With this final question, our meeting was done and we said good bye to Mr. Parikh and his family. On the way returning home, my mom asked twice me about the girl and my views but I was silent on the matter. Who is I to decide that girl’s fate…she was superior to me, she was talented and blessed with unique combination of art and wisdom. Also, humbleness and simplicity of her and her family is clearly telling me that she is a good human being too. Then why God has given this power in my hands to approve or reject her. She badly destroyed my pride, ego and so called superiority complex and after a long time make me emotional too. I never felt anything for my worst to worst case of patients but there is sympathy in my heart for that girl. She makes me realize that all I achieved in life is due to luck that I born in a rich family, something for which I should thank to God. Whether I would marry her or not, she is definitely genius and superior to me always.

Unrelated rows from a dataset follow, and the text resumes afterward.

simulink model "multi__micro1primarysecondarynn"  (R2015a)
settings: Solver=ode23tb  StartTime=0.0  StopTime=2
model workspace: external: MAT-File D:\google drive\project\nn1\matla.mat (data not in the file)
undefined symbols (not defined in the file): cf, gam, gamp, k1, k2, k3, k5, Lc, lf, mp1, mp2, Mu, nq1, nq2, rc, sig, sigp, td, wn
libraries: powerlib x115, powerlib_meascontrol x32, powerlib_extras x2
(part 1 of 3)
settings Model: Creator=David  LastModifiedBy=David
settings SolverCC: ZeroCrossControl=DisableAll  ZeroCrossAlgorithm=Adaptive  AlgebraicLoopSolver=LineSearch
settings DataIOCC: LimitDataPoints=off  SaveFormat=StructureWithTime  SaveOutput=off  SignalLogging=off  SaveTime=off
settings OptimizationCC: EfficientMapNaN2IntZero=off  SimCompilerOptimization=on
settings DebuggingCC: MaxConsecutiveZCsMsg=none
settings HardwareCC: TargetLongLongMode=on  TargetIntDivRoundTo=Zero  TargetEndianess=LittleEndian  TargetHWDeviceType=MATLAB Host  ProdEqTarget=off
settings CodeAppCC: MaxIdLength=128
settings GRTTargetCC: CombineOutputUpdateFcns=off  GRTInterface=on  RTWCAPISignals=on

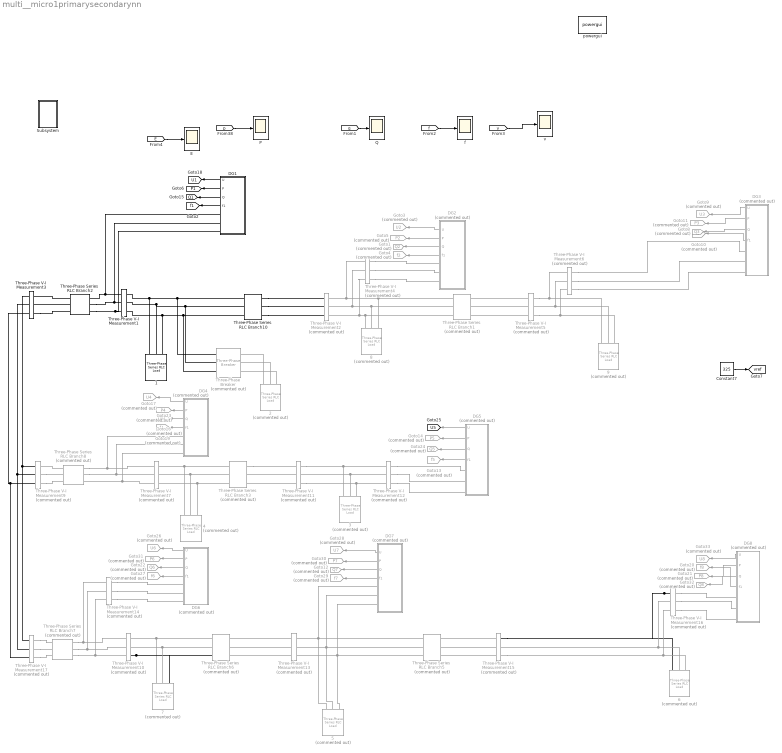
== system multi__micro1primarysecondarynn ==
  "  1" : powerlib/Elements/Three-Phase Series RLC Load  LConnTagsString=A|B|C  Configuration=Y (grounded)  NominalVoltage=vrms  NominalFrequency=50  ActivePower=18.5e3  InductivePower=14e3  CapacitivePower=0  Measurements=None  LoadType=constant Z
  "  2" : powerlib/Elements/Three-Phase Series RLC Load  Commented=on  LConnTagsString=A|B|C  Configuration=Y (grounded)  NominalVoltage=vrms  NominalFrequency=50  ActivePower=18.5e3  InductivePower=14e3  CapacitivePower=0  Measurements=None  LoadType=constant Z
  "  3" : powerlib/Elements/Three-Phase Series RLC Load  Commented=on  LConnTagsString=A|B|C  Configuration=Y (grounded)  NominalVoltage=vrms  NominalFrequency=50  ActivePower=16e3  InductivePower=11e3  CapacitivePower=0  Measurements=None  LoadType=constant Z
  "  4" : powerlib/Elements/Three-Phase Series RLC Load  Commented=on  LConnTagsString=A|B|C  Configuration=Y (grounded)  NominalVoltage=vrms  NominalFrequency=50  ActivePower=18.5e3  InductivePower=14e3  CapacitivePower=0  Measurements=None  LoadType=constant Z
  "  5" : powerlib/Elements/Three-Phase Series RLC Load  Commented=on  LConnTagsString=A|B|C  Configuration=Y (grounded)  NominalVoltage=vrms  NominalFrequency=50  ActivePower=15.3e3  InductivePower=10e3  CapacitivePower=0  Measurements=None  LoadType=constant Z
  "  6" : powerlib/Elements/Three-Phase Series RLC Load  Commented=on  LConnTagsString=A|B|C  Configuration=Y (grounded)  NominalVoltage=vrms  NominalFrequency=50  ActivePower=15.6e3  InductivePower=9.6e3  CapacitivePower=0  Measurements=None  LoadType=constant Z
  "  7" : powerlib/Elements/Three-Phase Series RLC Load  Commented=on  LConnTagsString=A|B|C  Configuration=Y (grounded)  NominalVoltage=vrms  NominalFrequency=50  ActivePower=20e3  InductivePower=15e3  CapacitivePower=0  Measurements=None  LoadType=constant Z
  "  8" : powerlib/Elements/Three-Phase Series RLC Load  Commented=on  LConnTagsString=A|B|C  Configuration=Y (grounded)  NominalVoltage=vrms  NominalFrequency=50  ActivePower=15e3  InductivePower=12e3  CapacitivePower=0  Measurements=None  LoadType=constant Z
  "  9" : powerlib/Elements/Three-Phase Series RLC Load  Commented=on  LConnTagsString=A|B|C  Configuration=Y (grounded)  NominalVoltage=vrms  NominalFrequency=50  ActivePower=12e3  InductivePower=8e3  CapacitivePower=0  Measurements=None  LoadType=constant Z
  Constant7 : Constant  Value=325
  DG1 : Subsystem
  DG2 : Subsystem  Commented=on
  DG3 : Subsystem  Commented=on
  DG4 : Subsystem  Commented=on
  DG5 : Subsystem  Commented=on
  DG6 : Subsystem  Commented=on
  DG7 : Subsystem  Commented=on
  DG8 : Subsystem  Commented=on
  E : Scope
      settings: TimeRange=0.03351610580764283  YMin=-1.5  YMax=-0.1  SaveName=E
  Goto1 : Goto  Commented=on  GotoTag=Q2  TagVisibility=global
  Goto10 : Goto  Commented=on  GotoTag=f3  TagVisibility=global
  Goto11 : Goto  Commented=on  GotoTag=P3  TagVisibility=global
  Goto12 : Goto  Commented=on  GotoTag=Q7  TagVisibility=global
  Goto13 : Goto  Commented=on  GotoTag=f5  TagVisibility=global
  Goto14 : Goto  Commented=on  GotoTag=P5  TagVisibility=global
  Goto16 : Goto  Commented=on  GotoTag=Q4  TagVisibility=global
  Goto17 : Goto  Commented=on  GotoTag=U4  TagVisibility=global
  Goto19 : Goto  Commented=on  GotoTag=f4  TagVisibility=global
  Goto20 : Goto  Commented=on  GotoTag=f8  TagVisibility=global
  Goto21 : Goto  Commented=on  GotoTag=P8  TagVisibility=global
  Goto22 : Goto  Commented=on  GotoTag=Q6  TagVisibility=global
  Goto23 : Goto  Commented=on  GotoTag=P4  TagVisibility=global
  Goto24 : Goto  Commented=on  GotoTag=Q5  TagVisibility=global
  Goto26 : Goto  Commented=on  GotoTag=U6  TagVisibility=global
  Goto27 : Goto  Commented=on  GotoTag=f6  TagVisibility=global
  Goto28 : Goto  Commented=on  GotoTag=U7  TagVisibility=global
  Goto29 : Goto  Commented=on  GotoTag=f7  TagVisibility=global
  Goto3 : Goto  Commented=on  GotoTag=U2  TagVisibility=global
  Goto30 : Goto  Commented=on  GotoTag=P7  TagVisibility=global
  Goto31 : Goto  Commented=on  GotoTag=P6  TagVisibility=global
  Goto32 : Goto  Commented=on  GotoTag=Q8  TagVisibility=global
  Goto33 : Goto  Commented=on  GotoTag=U8  TagVisibility=global
  Goto4 : Goto  Commented=on  GotoTag=f2  TagVisibility=global
  Goto5 : Goto  Commented=on  GotoTag=P2  TagVisibility=global
  Goto8 : Goto  Commented=on  GotoTag=Q3  TagVisibility=global
  Goto9 : Goto  Commented=on  GotoTag=U3  TagVisibility=global
  P : Scope
      settings: TimeRange=0.8  YMin=-20000  YMax=110000  SaveName=P1
  Q : Scope
      settings: TimeRange=2  YMin=0  YMax=13000  SaveName=Q1
  Subsystem : Subsystem
  Three-Phase Series RLC Branch1 : powerlib/Elements/Three-Phase Series RLC Branch  Commented=on  LConnTagsString=A|B|C  RConnTagsString=A|B|C  BranchType=RL  Resistance=0.35  Inductance=0.68e-3  Capacitance=1e-6  Measurements=None
  Three-Phase Series RLC Branch10 : powerlib/Elements/Three-Phase Series RLC Branch  LConnTagsString=A|B|C  RConnTagsString=A|B|C  BranchType=RL  Resistance=0.23  Inductance=0.35e-3  Capacitance=1e-6  Measurements=None
  Three-Phase Series RLC Branch2 : powerlib/Elements/Three-Phase Series RLC Branch  LConnTagsString=A|B|C  RConnTagsString=A|B|C  BranchType=RL  Resistance=0.195  Inductance=0.511e-3  Capacitance=1e-6  Measurements=None
  Three-Phase Series RLC Branch3 : powerlib/Elements/Three-Phase Series RLC Branch  Commented=on  LConnTagsString=A|B|C  RConnTagsString=A|B|C  BranchType=RL  Resistance=0.493  Inductance=0.494e-3  Capacitance=1e-6  Measurements=None
  Three-Phase Series RLC Branch5 : powerlib/Elements/Three-Phase Series RLC Branch  Commented=on  LConnTagsString=A|B|C  RConnTagsString=A|B|C  BranchType=RL  Resistance=0.161  Inductance=0.372e-3  Capacitance=1e-6  Measurements=None
  Three-Phase Series RLC Branch6 : powerlib/Elements/Three-Phase Series RLC Branch  Commented=on  LConnTagsString=A|B|C  RConnTagsString=A|B|C  BranchType=RL  Resistance=0.1  Inductance=0.318e-3  Capacitance=1e-6  Measurements=None
  Three-Phase Series RLC Branch7 : powerlib/Elements/Three-Phase Series RLC Branch  Commented=on  LConnTagsString=A|B|C  RConnTagsString=A|B|C  BranchType=RL  Resistance=0.1  Inductance=0.318e-3  Capacitance=1e-6  Measurements=None
  Three-Phase Series RLC Branch8 : powerlib/Elements/Three-Phase Series RLC Branch  Commented=on  LConnTagsString=A|B|C  RConnTagsString=A|B|C  BranchType=RL  Resistance=0.25  Inductance=0.375e-3  Capacitance=1e-6  Measurements=None
  Three-Phase V-I Measurement1 : powerlib/Measurements/Three-Phase V-I Measurement  VoltageMeasurement=no  SetLabelV=off  LabelV=Va  Vpu=off  VpuLL=off  CurrentMeasurement=no  SetLabelI=off  LabelI=Iabc  Ipu=off  Pbase=100e6  Vbase=500e3  OutputType=Complex  PhasorSimulation=off  PSBequivalent=0
  Three-Phase V-I Measurement{2,4..7,9..17} (14 alike) : powerlib/Measurements/Three-Phase V-I Measurement  Commented=on  VoltageMeasurement=no  SetLabelV=off  LabelV=Va  Vpu=off  VpuLL=off  CurrentMeasurement=no  SetLabelI=off  LabelI=Iabc  Ipu=off  Pbase=100e6  Vbase=500e3  OutputType=Complex  PhasorSimulation=off  PSBequivalent=0
  Three-Phase V-I Measurement3 : powerlib/Measurements/Three-Phase V-I Measurement  VoltageMeasurement=no  SetLabelV=off  LabelV=Va  Vpu=off  VpuLL=off  CurrentMeasurement=no  SetLabelI=off  LabelI=Iabc  Ipu=off  Pbase=100e6  Vbase=500e3  OutputType=Complex  PhasorSimulation=off  PSBequivalent=0
  Three-Phase Breaker : powerlib/Elements/Three-Phase Breaker  Commented=on  InitialState=open  SwitchA=on  SwitchB=on  SwitchC=on  SwitchTimes=0.5  External=off  BreakerResistance=0.01  SnubberResistance=1e6  SnubberCapacitance=inf  Measurements=None
  f : Scope
      settings: TimeRange=1  YMin=0  YMax=50  SaveName=f1
  powergui : powerlib/powergui  Priority=1  SimulationMode=Discrete  SolverType=Tustin/Backward Euler (TBE)  SampleTime=5e-5  frequency=50  SPID=off  DisableSnubberDevices=off  DisableRonSwitches=off  DisableVfSwitches=off  SwTol=0  DisplayEquations=off  Interpol=off  methode=off  Ts=100  FunctionMessages=off  echomessages=off  HookPort=off  EnableUseOfTLC=off  x0status=blocks  frequencyindice=0  Pbase=100e6  ErrMax=1e-4  Iterations=50  UnitsV=kV  UnitsW=MW  buscounter=0  RestoreLinks=warning  ResistiveCurrentMeasurement=off  Frange=[0:2:500]  Ylog=off  Xlog=on  ShowGrid=off  save=off  variable=ZData  structure=0  ZoomFFT=off  StartTime=0.0  cycles=1  DisplayStyle=1  fundamental=60  FreqAxis=off  MaxFrequency=1000  frequencyindicesteady=1  RmsSteady=1  display=off
  v : Scope
      settings: TimeRange=0.1127673055614255  YMin=2.77556e-17  YMax=1  SaveName=v1
  tag scope: P1=global, Q1=global, U1=global, U5=global, f1=global, vref=global
  wires:
  Constant7/1 -> [vref]
  DG2/1(U) -> Goto3/1
  DG2/3(Q) -> Goto1/1
  DG2/2(P) -> Goto5/1
  DG2/4(f1) -> Goto4/1
  DG4/3(Q) -> Goto16/1
  DG4/2(P) -> Goto23/1
  DG4/4(f1) -> Goto19/1
  DG5/1(U) -> [U5]
  DG5/4(f1) -> Goto13/1
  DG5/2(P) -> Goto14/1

I may impress with the girl and sympathetic with her but what I have to decide is further action. This is the tragedy of an arrange marriage that you decide life partner on the basis of her education, career, family background and beauty rather than emotional attachment, co-ordination and love between two people. What I have to do is ask certain question to myself – Whether I would like to have life partner who is more talented than me, whether I would like life partner who grown up in middle class environment and the last whether I would like to accept a cross eyed vision person as my partner. After a brainstorming thinking session, I said no to this proposal. I don’t know why but my heart is not saying me that she is the girl whom I am searching for. You may call me that I am rejecting her because of my man-ish ego or you may say that I am not accepting her because of difference in life style and family background, but what I would certainly like to tell her is that ‘ This NO is not for her eyes only.’